Generation Y Research

Latest Ashridge Research - The Millennial Compass

Research conducted by Carina Paine Schofield and Sue Honore in 2014 in partnership with MSLGROUP offers insights into the Millennial generation's attitudes and expectations in the workplace globally today. The Millennial Compass study compares responses across six countries (Brazil, China, France, India, the UK and the USA) to provide valuable insights to global organisations. You can read more about this research here.

New Ashridge Research - Baby Boomers

As part of the next phase of our Generation Y research, we are looking at Baby Boomers (those aged over 50 years) in the workforce. Our online survey aims to find out what they ‘get’ and what they ‘give back’ to work, and to discover examples of maximising the potential of the over 50s.

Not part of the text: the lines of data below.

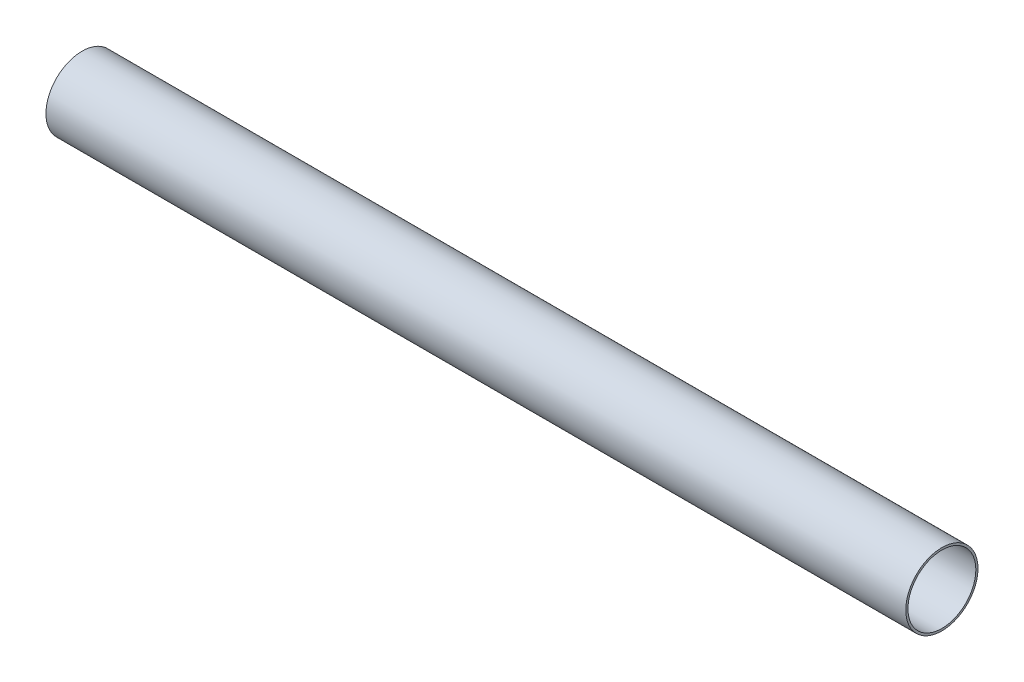
ISO-10303-21;
HEADER;
FILE_DESCRIPTION(('STEP AP214'),'2;1');
FILE_NAME('part.step','',(''),(''),'','','');
FILE_SCHEMA(('AUTOMOTIVE_DESIGN { 1 0 10303 214 1 1 1 1 }'));
ENDSEC;
DATA;
#1=APPLICATION_CONTEXT('core data for automotive mechanical design processes');
#2=APPLICATION_PROTOCOL_DEFINITION('international standard','automotive_design',2000,#1);
#3=PRODUCT_CONTEXT('',#1,'mechanical');
#4=PRODUCT('Part','Part','',(#3));
#5=PRODUCT_RELATED_PRODUCT_CATEGORY('part','',(#4));
#6=PRODUCT_DEFINITION_FORMATION('','',#4);
#7=PRODUCT_DEFINITION_CONTEXT('part definition',#1,'design');
#8=PRODUCT_DEFINITION('design','',#6,#7);
#9=PRODUCT_DEFINITION_SHAPE('','',#8);
#10=(LENGTH_UNIT() NAMED_UNIT(*) SI_UNIT(.MILLI.,.METRE.));
#11=(NAMED_UNIT(*) PLANE_ANGLE_UNIT() SI_UNIT($,.RADIAN.));
#12=(NAMED_UNIT(*) SI_UNIT($,.STERADIAN.) SOLID_ANGLE_UNIT());
#13=UNCERTAINTY_MEASURE_WITH_UNIT(LENGTH_MEASURE(1.E-05),#10,'distance_accuracy_value','');
#14=(GEOMETRIC_REPRESENTATION_CONTEXT(3) GLOBAL_UNCERTAINTY_ASSIGNED_CONTEXT((#13)) GLOBAL_UNIT_ASSIGNED_CONTEXT((#10,
#11,#12)) REPRESENTATION_CONTEXT('',''));
#15=CARTESIAN_POINT('',(0.,0.,0.));
#16=DIRECTION('',(0.,0.,1.));
#17=DIRECTION('',(1.,0.,0.));
#18=AXIS2_PLACEMENT_3D('',#15,#16,#17);
#19=CARTESIAN_POINT('',(2000.,0.,0.));
#20=DIRECTION('',(1.,0.,0.));
#21=DIRECTION('',(0.,0.,-1.));
#22=AXIS2_PLACEMENT_3D('',#19,#20,#21);
#23=PLANE('',#22);
#24=CARTESIAN_POINT('',(2000.,0.,0.));
#25=DIRECTION('',(1.,0.,0.));
#26=DIRECTION('',(0.,0.,-1.));
#27=AXIS2_PLACEMENT_3D('',#24,#25,#26);
#28=CIRCLE('',#27,84.);
#29=CARTESIAN_POINT('',(2000.,0.,-84.));
#30=VERTEX_POINT('',#29);
#31=EDGE_CURVE('E10',#30,#30,#28,.T.);
#32=ORIENTED_EDGE('',*,*,#31,.T.);
#33=EDGE_LOOP('',(#32));
#34=FACE_BOUND('',#33,.T.);
#35=CARTESIAN_POINT('',(2000.,0.,0.));
#36=DIRECTION('',(1.,0.,0.));
#37=DIRECTION('',(0.,0.,-1.));
#38=AXIS2_PLACEMENT_3D('',#35,#36,#37);
#39=CIRCLE('',#38,79.);
#40=CARTESIAN_POINT('',(2000.,0.,-79.));
#41=VERTEX_POINT('',#40);
#42=EDGE_CURVE('E50',#41,#41,#39,.T.);
#43=ORIENTED_EDGE('',*,*,#42,.F.);
#44=EDGE_LOOP('',(#43));
#45=FACE_BOUND('',#44,.T.);
#46=ADVANCED_FACE('F37',(#34,#45),#23,.T.);
#47=CARTESIAN_POINT('',(0.,0.,0.));
#48=DIRECTION('',(1.,0.,0.));
#49=DIRECTION('',(0.,0.,-1.));
#50=AXIS2_PLACEMENT_3D('',#47,#48,#49);
#51=PLANE('',#50);
#52=CARTESIAN_POINT('',(0.,0.,0.));
#53=DIRECTION('',(1.,0.,0.));
#54=DIRECTION('',(0.,0.,-1.));
#55=AXIS2_PLACEMENT_3D('',#52,#53,#54);
#56=CIRCLE('',#55,84.);
#57=CARTESIAN_POINT('',(0.,0.,-84.));
#58=VERTEX_POINT('',#57);
#59=EDGE_CURVE('E41',#58,#58,#56,.T.);
#60=ORIENTED_EDGE('',*,*,#59,.F.);
#61=EDGE_LOOP('',(#60));
#62=FACE_BOUND('',#61,.T.);
#63=CARTESIAN_POINT('',(0.,0.,0.));
#64=DIRECTION('',(1.,0.,0.));
#65=DIRECTION('',(0.,0.,-1.));
#66=AXIS2_PLACEMENT_3D('',#63,#64,#65);
#67=CIRCLE('',#66,79.);
#68=CARTESIAN_POINT('',(0.,0.,-79.));
#69=VERTEX_POINT('',#68);
#70=EDGE_CURVE('E52',#69,#69,#67,.T.);
#71=ORIENTED_EDGE('',*,*,#70,.T.);
#72=EDGE_LOOP('',(#71));
#73=FACE_BOUND('',#72,.T.);
#74=ADVANCED_FACE('F64',(#62,#73),#51,.F.);
#75=CARTESIAN_POINT('',(2000.,0.,0.));
#76=DIRECTION('',(-1.,0.,0.));
#77=DIRECTION('',(0.,0.,1.));
#78=AXIS2_PLACEMENT_3D('',#75,#76,#77);
#79=CYLINDRICAL_SURFACE('',#78,84.);
#80=ORIENTED_EDGE('',*,*,#31,.F.);
#81=EDGE_LOOP('',(#80));
#82=FACE_BOUND('',#81,.T.);
#83=ORIENTED_EDGE('',*,*,#59,.T.);
#84=EDGE_LOOP('',(#83));
#85=FACE_BOUND('',#84,.T.);
#86=ADVANCED_FACE('F39',(#82,#85),#79,.T.);
#87=CARTESIAN_POINT('',(2000.,0.,0.));
#88=DIRECTION('',(-1.,0.,0.));
#89=DIRECTION('',(0.,0.,1.));
#90=AXIS2_PLACEMENT_3D('',#87,#88,#89);
#91=CYLINDRICAL_SURFACE('',#90,79.);
#92=ORIENTED_EDGE('',*,*,#42,.T.);
#93=EDGE_LOOP('',(#92));
#94=FACE_BOUND('',#93,.T.);
#95=ORIENTED_EDGE('',*,*,#70,.F.);
#96=EDGE_LOOP('',(#95));
#97=FACE_BOUND('',#96,.T.);
#98=ADVANCED_FACE('F60',(#94,#97),#91,.F.);
#99=CLOSED_SHELL('',(#46,#74,#86,#98));
#100=MANIFOLD_SOLID_BREP('B2',#99);
#101=ADVANCED_BREP_SHAPE_REPRESENTATION('',(#18,#100),#14);
#102=SHAPE_DEFINITION_REPRESENTATION(#9,#101);
ENDSEC;
END-ISO-10303-21;

If you are over 50 OR if you work in HR (whatever your age), please take 5 minutes to complete this short survey.

Generation Y

There has been a great deal of hype in the media regarding Generation Y and a quick search online and in the press returns many articles. Over recent years this generation has been discussed at length in opinion pieces in newspapers, in management articles, in books and in journal papers. Within these articles various questions have been posed around whether Generation Y are fundamentally different to those generations who have come before. There have also been questions around relationships and concerns have been raised about possible intergenerational conflicts in the workplace.

Who are Generation Y?

There have been many attempts to define the characteristics of Generation Y and the focus of the majority of published articles is on: what are Generation Y like; how can organisations recruit and retain Generation Y; possible cross generational conflict; and how other generations can adapt to accommodate Generation Y. There are some common themes that can be drawn from this existing literature. Overall, there is a consensus that Generation Y:

  • have grown up in a very different environment to previous generations
  • come to the workplace with different skills
  • are motivated by different things
  • think differently about learning
  • think differently about relationships.

These differences, combined with advances in technology and communication suggest that there is a demand for new ways of working and learning. However, many of the discussions in the literature regarding this generation are based purely on anecdotal evidence.

Ashridge Research into Generation Y

At Ashridge our research into Generation Y goes beyond the media hype, the existing assumptions and stereotypes and looks at any differences between generations in depth. Our research investigates:

Is Gen Y actually different? What has made them the way they are? What do Generation Y want from work? Are Generation Y living up to workplace demands? And what are the appropriate ways of working and learning with this Generation?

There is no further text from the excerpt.